_TASK REQUIREMENTS_: For the entries below, return every line from the top through the line with "#8=PRODUCT_DEFINITION('design','',#6,#7);" exactly as it stands, omitting pictures.
Start of Block
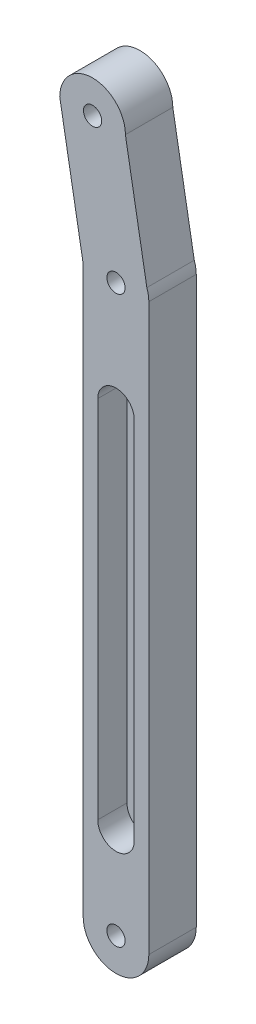
ISO-10303-21;
HEADER;
FILE_DESCRIPTION(('STEP AP214'),'2;1');
FILE_NAME('part.step','',(''),(''),'','','');
FILE_SCHEMA(('AUTOMOTIVE_DESIGN { 1 0 10303 214 1 1 1 1 }'));
ENDSEC;
DATA;
#1=APPLICATION_CONTEXT('core data for automotive mechanical design processes');
#2=APPLICATION_PROTOCOL_DEFINITION('international standard','automotive_design',2000,#1);
#3=PRODUCT_CONTEXT('',#1,'mechanical');
#4=PRODUCT('Part','Part','',(#3));
#5=PRODUCT_RELATED_PRODUCT_CATEGORY('part','',(#4));
#6=PRODUCT_DEFINITION_FORMATION('','',#4);
#7=PRODUCT_DEFINITION_CONTEXT('part definition',#1,'design');
#8=PRODUCT_DEFINITION('design','',#6,#7);
#9=PRODUCT_DEFINITION_SHAPE('','',#8);
#10=(LENGTH_UNIT() NAMED_UNIT(*) SI_UNIT(.MILLI.,.METRE.));
#11=(NAMED_UNIT(*) PLANE_ANGLE_UNIT() SI_UNIT($,.RADIAN.));
#12=(NAMED_UNIT(*) SI_UNIT($,.STERADIAN.) SOLID_ANGLE_UNIT());
#13=UNCERTAINTY_MEASURE_WITH_UNIT(LENGTH_MEASURE(1.E-05),#10,'distance_accuracy_value','');
#14=(GEOMETRIC_REPRESENTATION_CONTEXT(3) GLOBAL_UNCERTAINTY_ASSIGNED_CONTEXT((#13)) GLOBAL_UNIT_ASSIGNED_CONTEXT((#10,
#11,#12)) REPRESENTATION_CONTEXT('',''));
#15=CARTESIAN_POINT('',(0.,0.,0.));
#16=DIRECTION('',(0.,0.,1.));
#17=DIRECTION('',(1.,0.,0.));
#18=AXIS2_PLACEMENT_3D('',#15,#16,#17);
#19=CARTESIAN_POINT('',(-5.32859756116372,-42.3623506112515,13.));
#20=DIRECTION('',(0.,0.,1.));
#21=DIRECTION('',(1.,0.,0.));
#22=AXIS2_PLACEMENT_3D('',#19,#20,#21);
#23=PLANE('',#22);
#24=CARTESIAN_POINT('',(-5.32859756116371,82.6376493887485,13.));
#25=DIRECTION('',(0.,0.,1.));
#26=DIRECTION('',(1.,0.,0.));
#27=AXIS2_PLACEMENT_3D('',#24,#25,#26);
#28=CIRCLE('',#27,5.);
#29=CARTESIAN_POINT('',(-0.328597561163714,82.6376493887485,13.));
#30=VERTEX_POINT('',#29);
#31=CARTESIAN_POINT('',(-10.3285975611637,82.6376493887486,13.));
#32=VERTEX_POINT('',#31);
#33=EDGE_CURVE('E46',#30,#32,#28,.T.);
#34=ORIENTED_EDGE('',*,*,#33,.F.);
#35=DIRECTION('',(0.,1.,0.));
#36=VECTOR('',#35,1.);
#37=CARTESIAN_POINT('',(-0.328597561163714,82.6376493887485,13.));
#38=LINE('',#37,#36);
#39=CARTESIAN_POINT('',(-0.328597561163715,-17.3623506112515,13.));
#40=VERTEX_POINT('',#39);
#41=EDGE_CURVE('E200',#40,#30,#38,.T.);
#42=ORIENTED_EDGE('',*,*,#41,.F.);
#43=CARTESIAN_POINT('',(-5.32859756116372,-17.3623506112515,13.));
#44=DIRECTION('',(0.,0.,1.));
#45=DIRECTION('',(1.,0.,0.));
#46=AXIS2_PLACEMENT_3D('',#43,#44,#45);
#47=CIRCLE('',#46,5.);
#48=CARTESIAN_POINT('',(-10.3285975611637,-17.3623506112515,13.));
#49=VERTEX_POINT('',#48);
#50=EDGE_CURVE('E204',#49,#40,#47,.T.);
#51=ORIENTED_EDGE('',*,*,#50,.F.);
#52=DIRECTION('',(0.,-1.,0.));
#53=VECTOR('',#52,1.);
#54=CARTESIAN_POINT('',(-10.3285975611637,82.6376493887485,13.));
#55=LINE('',#54,#53);
#56=EDGE_CURVE('E207',#32,#49,#55,.T.);
#57=ORIENTED_EDGE('',*,*,#56,.F.);
#58=EDGE_LOOP('',(#34,#42,#51,#57));
#59=FACE_BOUND('',#58,.T.);
#60=CARTESIAN_POINT('',(-5.32859756116372,-42.3623506112515,13.));
#61=DIRECTION('',(0.,0.,1.));
#62=DIRECTION('',(1.,0.,0.));
#63=AXIS2_PLACEMENT_3D('',#60,#61,#62);
#64=CIRCLE('',#63,2.5);
#65=CARTESIAN_POINT('',(-2.82859756116372,-42.3623506112515,13.));
#66=VERTEX_POINT('',#65);
#67=EDGE_CURVE('E175',#66,#66,#64,.T.);
#68=ORIENTED_EDGE('',*,*,#67,.F.);
#69=EDGE_LOOP('',(#68));
#70=FACE_BOUND('',#69,.T.);
#71=DIRECTION('',(0.173648177666924,-0.984807753012209,0.));
#72=VECTOR('',#71,1.);
#73=CARTESIAN_POINT('',(-20.7535801348399,149.0755362502,13.));
#74=LINE('',#73,#72);
#75=CARTESIAN_POINT('',(-20.7535801348399,149.0755362502,13.));
#76=VERTEX_POINT('',#75);
#77=CARTESIAN_POINT('',(-14.3285975611637,112.637649388749,13.));
#78=VERTEX_POINT('',#77);
#79=EDGE_CURVE('E148',#76,#78,#74,.T.);
#80=ORIENTED_EDGE('',*,*,#79,.T.);
#81=DIRECTION('',(0.,-1.,0.));
#82=VECTOR('',#81,1.);
#83=CARTESIAN_POINT('',(-14.3285975611637,112.637649388749,13.));
#84=LINE('',#83,#82);
#85=CARTESIAN_POINT('',(-14.3285975611637,-42.3623506112515,13.));
#86=VERTEX_POINT('',#85);
#87=EDGE_CURVE('E93',#78,#86,#84,.T.);
#88=ORIENTED_EDGE('',*,*,#87,.T.);
#89=CARTESIAN_POINT('',(-5.32859756116372,-42.3623506112515,13.));
#90=DIRECTION('',(0.,0.,1.));
#91=DIRECTION('',(1.,0.,0.));
#92=AXIS2_PLACEMENT_3D('',#89,#90,#91);
#93=CIRCLE('',#92,9.);
#94=CARTESIAN_POINT('',(3.67140243883628,-42.3623506112515,13.));
#95=VERTEX_POINT('',#94);
#96=EDGE_CURVE('E160',#86,#95,#93,.T.);
#97=ORIENTED_EDGE('',*,*,#96,.T.);
#98=DIRECTION('',(0.,1.,0.));
#99=VECTOR('',#98,1.);
#100=CARTESIAN_POINT('',(3.67140243883628,-42.3623506112515,13.));
#101=LINE('',#100,#99);
#102=CARTESIAN_POINT('',(3.67140243883628,112.637649388749,13.));
#103=VERTEX_POINT('',#102);
#104=EDGE_CURVE('E113',#95,#103,#101,.T.);
#105=ORIENTED_EDGE('',*,*,#104,.T.);
#106=CARTESIAN_POINT('',(-5.32859756116372,112.637649388749,13.));
#107=DIRECTION('',(0.,0.,1.));
#108=DIRECTION('',(1.,0.,0.));
#109=AXIS2_PLACEMENT_3D('',#106,#107,#108);
#110=CIRCLE('',#109,9.);
#111=CARTESIAN_POINT('',(3.12863602590949,115.715830678679,13.));
#112=VERTEX_POINT('',#111);
#113=EDGE_CURVE('E106',#103,#112,#110,.T.);
#114=ORIENTED_EDGE('',*,*,#113,.T.);
#115=DIRECTION('',(-0.173648177666924,0.984807753012209,0.));
#116=VECTOR('',#115,1.);
#117=CARTESIAN_POINT('',(3.12863602590949,115.715830678679,13.));
#118=LINE('',#117,#116);
#119=CARTESIAN_POINT('',(-2.75358013483992,149.0755362502,13.));
#120=VERTEX_POINT('',#119);
#121=EDGE_CURVE('E110',#112,#120,#118,.T.);
#122=ORIENTED_EDGE('',*,*,#121,.T.);
#123=CARTESIAN_POINT('',(-11.7535801348399,149.0755362502,13.));
#124=DIRECTION('',(0.,0.,1.));
#125=DIRECTION('',(1.,0.,0.));
#126=AXIS2_PLACEMENT_3D('',#123,#124,#125);
#127=CIRCLE('',#126,9.);
#128=EDGE_CURVE('E55',#120,#76,#127,.T.);
#129=ORIENTED_EDGE('',*,*,#128,.T.);
#130=EDGE_LOOP('',(#80,#88,#97,#105,#114,#122,#129));
#131=FACE_BOUND('',#130,.T.);
#132=CARTESIAN_POINT('',(-5.32859756116372,112.637649388749,13.));
#133=DIRECTION('',(0.,0.,1.));
#134=DIRECTION('',(1.,0.,0.));
#135=AXIS2_PLACEMENT_3D('',#132,#133,#134);
#136=CIRCLE('',#135,2.5);
#137=CARTESIAN_POINT('',(-2.82859756116372,112.637649388749,13.));
#138=VERTEX_POINT('',#137);
#139=EDGE_CURVE('E138',#138,#138,#136,.T.);
#140=ORIENTED_EDGE('',*,*,#139,.F.);
#141=EDGE_LOOP('',(#140));
#142=FACE_BOUND('',#141,.T.);
#143=CARTESIAN_POINT('',(-11.7535801348399,149.0755362502,13.));
#144=DIRECTION('',(0.,0.,1.));
#145=DIRECTION('',(1.,0.,0.));
#146=AXIS2_PLACEMENT_3D('',#143,#144,#145);
#147=CIRCLE('',#146,2.5);
#148=CARTESIAN_POINT('',(-9.25358013483992,149.0755362502,13.));
#149=VERTEX_POINT('',#148);
#150=EDGE_CURVE('E181',#149,#149,#147,.T.);
#151=ORIENTED_EDGE('',*,*,#150,.F.);
#152=EDGE_LOOP('',(#151));
#153=FACE_BOUND('',#152,.T.);
#154=ADVANCED_FACE('F31',(#59,#70,#131,#142,#153),#23,.T.);
#155=CARTESIAN_POINT('',(-5.32859756116372,-42.3623506112515,0.));
#156=DIRECTION('',(0.,0.,1.));
#157=DIRECTION('',(1.,0.,0.));
#158=AXIS2_PLACEMENT_3D('',#155,#156,#157);
#159=PLANE('',#158);
#160=CARTESIAN_POINT('',(-5.32859756116372,-42.3623506112515,0.));
#161=DIRECTION('',(0.,0.,1.));
#162=DIRECTION('',(1.,0.,0.));
#163=AXIS2_PLACEMENT_3D('',#160,#161,#162);
#164=CIRCLE('',#163,2.5);
#165=CARTESIAN_POINT('',(-2.82859756116372,-42.3623506112515,0.));
#166=VERTEX_POINT('',#165);
#167=EDGE_CURVE('E178',#166,#166,#164,.T.);
#168=ORIENTED_EDGE('',*,*,#167,.T.);
#169=EDGE_LOOP('',(#168));
#170=FACE_BOUND('',#169,.T.);
#171=DIRECTION('',(0.173648177666924,-0.984807753012209,0.));
#172=VECTOR('',#171,1.);
#173=CARTESIAN_POINT('',(-20.7535801348399,149.0755362502,0.));
#174=LINE('',#173,#172);
#175=CARTESIAN_POINT('',(-20.7535801348399,149.0755362502,0.));
#176=VERTEX_POINT('',#175);
#177=CARTESIAN_POINT('',(-14.3285975611637,112.637649388749,0.));
#178=VERTEX_POINT('',#177);
#179=EDGE_CURVE('E134',#176,#178,#174,.T.);
#180=ORIENTED_EDGE('',*,*,#179,.F.);
#181=CARTESIAN_POINT('',(-11.7535801348399,149.0755362502,0.));
#182=DIRECTION('',(0.,0.,1.));
#183=DIRECTION('',(1.,0.,0.));
#184=AXIS2_PLACEMENT_3D('',#181,#182,#183);
#185=CIRCLE('',#184,9.);
#186=CARTESIAN_POINT('',(-2.75358013483992,149.0755362502,0.));
#187=VERTEX_POINT('',#186);
#188=EDGE_CURVE('E85',#187,#176,#185,.T.);
#189=ORIENTED_EDGE('',*,*,#188,.F.);
#190=DIRECTION('',(-0.173648177666924,0.984807753012209,0.));
#191=VECTOR('',#190,1.);
#192=CARTESIAN_POINT('',(3.12863602590949,115.715830678679,0.));
#193=LINE('',#192,#191);
#194=CARTESIAN_POINT('',(3.12863602590949,115.715830678679,0.));
#195=VERTEX_POINT('',#194);
#196=EDGE_CURVE('E145',#195,#187,#193,.T.);
#197=ORIENTED_EDGE('',*,*,#196,.F.);
#198=CARTESIAN_POINT('',(-5.32859756116372,112.637649388749,0.));
#199=DIRECTION('',(0.,0.,1.));
#200=DIRECTION('',(1.,0.,0.));
#201=AXIS2_PLACEMENT_3D('',#198,#199,#200);
#202=CIRCLE('',#201,9.);
#203=CARTESIAN_POINT('',(3.67140243883628,112.637649388749,0.));
#204=VERTEX_POINT('',#203);
#205=EDGE_CURVE('E122',#204,#195,#202,.T.);
#206=ORIENTED_EDGE('',*,*,#205,.F.);
#207=DIRECTION('',(0.,1.,0.));
#208=VECTOR('',#207,1.);
#209=CARTESIAN_POINT('',(3.67140243883628,-42.3623506112515,0.));
#210=LINE('',#209,#208);
#211=CARTESIAN_POINT('',(3.67140243883628,-42.3623506112515,0.));
#212=VERTEX_POINT('',#211);
#213=EDGE_CURVE('E142',#212,#204,#210,.T.);
#214=ORIENTED_EDGE('',*,*,#213,.F.);
#215=CARTESIAN_POINT('',(-5.32859756116372,-42.3623506112515,0.));
#216=DIRECTION('',(0.,0.,1.));
#217=DIRECTION('',(1.,0.,0.));
#218=AXIS2_PLACEMENT_3D('',#215,#216,#217);
#219=CIRCLE('',#218,9.);
#220=CARTESIAN_POINT('',(-14.3285975611637,-42.3623506112515,0.));
#221=VERTEX_POINT('',#220);
#222=EDGE_CURVE('E140',#221,#212,#219,.T.);
#223=ORIENTED_EDGE('',*,*,#222,.F.);
#224=DIRECTION('',(0.,-1.,0.));
#225=VECTOR('',#224,1.);
#226=CARTESIAN_POINT('',(-14.3285975611637,112.637649388749,0.));
#227=LINE('',#226,#225);
#228=EDGE_CURVE('E137',#178,#221,#227,.T.);
#229=ORIENTED_EDGE('',*,*,#228,.F.);
#230=EDGE_LOOP('',(#180,#189,#197,#206,#214,#223,#229));
#231=FACE_BOUND('',#230,.T.);
#232=CARTESIAN_POINT('',(-5.32859756116372,112.637649388749,0.));
#233=DIRECTION('',(0.,0.,1.));
#234=DIRECTION('',(1.,0.,0.));
#235=AXIS2_PLACEMENT_3D('',#232,#233,#234);
#236=CIRCLE('',#235,2.5);
#237=CARTESIAN_POINT('',(-2.82859756116372,112.637649388749,0.));
#238=VERTEX_POINT('',#237);
#239=EDGE_CURVE('E172',#238,#238,#236,.T.);
#240=ORIENTED_EDGE('',*,*,#239,.T.);
#241=EDGE_LOOP('',(#240));
#242=FACE_BOUND('',#241,.T.);
#243=CARTESIAN_POINT('',(-11.7535801348399,149.0755362502,0.));
#244=DIRECTION('',(0.,0.,1.));
#245=DIRECTION('',(1.,0.,0.));
#246=AXIS2_PLACEMENT_3D('',#243,#244,#245);
#247=CIRCLE('',#246,2.5);
#248=CARTESIAN_POINT('',(-9.25358013483992,149.0755362502,0.));
#249=VERTEX_POINT('',#248);
#250=EDGE_CURVE('E184',#249,#249,#247,.T.);
#251=ORIENTED_EDGE('',*,*,#250,.T.);
#252=EDGE_LOOP('',(#251));
#253=FACE_BOUND('',#252,.T.);
#254=ADVANCED_FACE('F164',(#170,#231,#242,#253),#159,.F.);
#255=CARTESIAN_POINT('',(-20.7535801348399,149.0755362502,13.));
#256=DIRECTION('',(0.984807753012209,0.173648177666924,0.));
#257=DIRECTION('',(-0.173648177666924,0.984807753012209,0.));
#258=AXIS2_PLACEMENT_3D('',#255,#256,#257);
#259=PLANE('',#258);
#260=ORIENTED_EDGE('',*,*,#179,.T.);
#261=DIRECTION('',(0.,0.,-1.));
#262=VECTOR('',#261,1.);
#263=CARTESIAN_POINT('',(-14.3285975611637,112.637649388749,13.));
#264=LINE('',#263,#262);
#265=EDGE_CURVE('E11',#78,#178,#264,.T.);
#266=ORIENTED_EDGE('',*,*,#265,.F.);
#267=ORIENTED_EDGE('',*,*,#79,.F.);
#268=DIRECTION('',(0.,0.,-1.));
#269=VECTOR('',#268,1.);
#270=CARTESIAN_POINT('',(-20.7535801348399,149.0755362502,13.));
#271=LINE('',#270,#269);
#272=EDGE_CURVE('E130',#76,#176,#271,.T.);
#273=ORIENTED_EDGE('',*,*,#272,.T.);
#274=EDGE_LOOP('',(#260,#266,#267,#273));
#275=FACE_BOUND('',#274,.T.);
#276=ADVANCED_FACE('F33',(#275),#259,.F.);
#277=CARTESIAN_POINT('',(-14.3285975611637,112.637649388749,13.));
#278=DIRECTION('',(1.,0.,0.));
#279=DIRECTION('',(0.,1.,0.));
#280=AXIS2_PLACEMENT_3D('',#277,#278,#279);
#281=PLANE('',#280);
#282=ORIENTED_EDGE('',*,*,#228,.T.);
#283=DIRECTION('',(0.,0.,-1.));
#284=VECTOR('',#283,1.);
#285=CARTESIAN_POINT('',(-14.3285975611637,-42.3623506112515,13.));
#286=LINE('',#285,#284);
#287=EDGE_CURVE('E39',#86,#221,#286,.T.);
#288=ORIENTED_EDGE('',*,*,#287,.F.);
#289=ORIENTED_EDGE('',*,*,#87,.F.);
#290=ORIENTED_EDGE('',*,*,#265,.T.);
#291=EDGE_LOOP('',(#282,#288,#289,#290));
#292=FACE_BOUND('',#291,.T.);
#293=ADVANCED_FACE('F281',(#292),#281,.F.);
#294=CARTESIAN_POINT('',(-5.32859756116372,-42.3623506112515,13.));
#295=DIRECTION('',(0.,0.,-1.));
#296=DIRECTION('',(-1.,0.,0.));
#297=AXIS2_PLACEMENT_3D('',#294,#295,#296);
#298=CYLINDRICAL_SURFACE('',#297,9.);
#299=ORIENTED_EDGE('',*,*,#222,.T.);
#300=DIRECTION('',(0.,0.,-1.));
#301=VECTOR('',#300,1.);
#302=CARTESIAN_POINT('',(3.67140243883628,-42.3623506112515,13.));
#303=LINE('',#302,#301);
#304=EDGE_CURVE('E152',#95,#212,#303,.T.);
#305=ORIENTED_EDGE('',*,*,#304,.F.);
#306=ORIENTED_EDGE('',*,*,#96,.F.);
#307=ORIENTED_EDGE('',*,*,#287,.T.);
#308=EDGE_LOOP('',(#299,#305,#306,#307));
#309=FACE_BOUND('',#308,.T.);
#310=ADVANCED_FACE('F158',(#309),#298,.T.);
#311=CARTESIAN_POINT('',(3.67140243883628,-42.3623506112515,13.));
End of Block
_OUTPUT OF THE EXERCISE_:
ISO-10303-21;
HEADER;
FILE_DESCRIPTION(('STEP AP214'),'2;1');
FILE_NAME('part.step','',(''),(''),'','','');
FILE_SCHEMA(('AUTOMOTIVE_DESIGN { 1 0 10303 214 1 1 1 1 }'));
ENDSEC;
DATA;
#1=APPLICATION_CONTEXT('core data for automotive mechanical design processes');
#2=APPLICATION_PROTOCOL_DEFINITION('international standard','automotive_design',2000,#1);
#3=PRODUCT_CONTEXT('',#1,'mechanical');
#4=PRODUCT('Part','Part','',(#3));
#5=PRODUCT_RELATED_PRODUCT_CATEGORY('part','',(#4));
#6=PRODUCT_DEFINITION_FORMATION('','',#4);
#7=PRODUCT_DEFINITION_CONTEXT('part definition',#1,'design');
#8=PRODUCT_DEFINITION('design','',#6,#7);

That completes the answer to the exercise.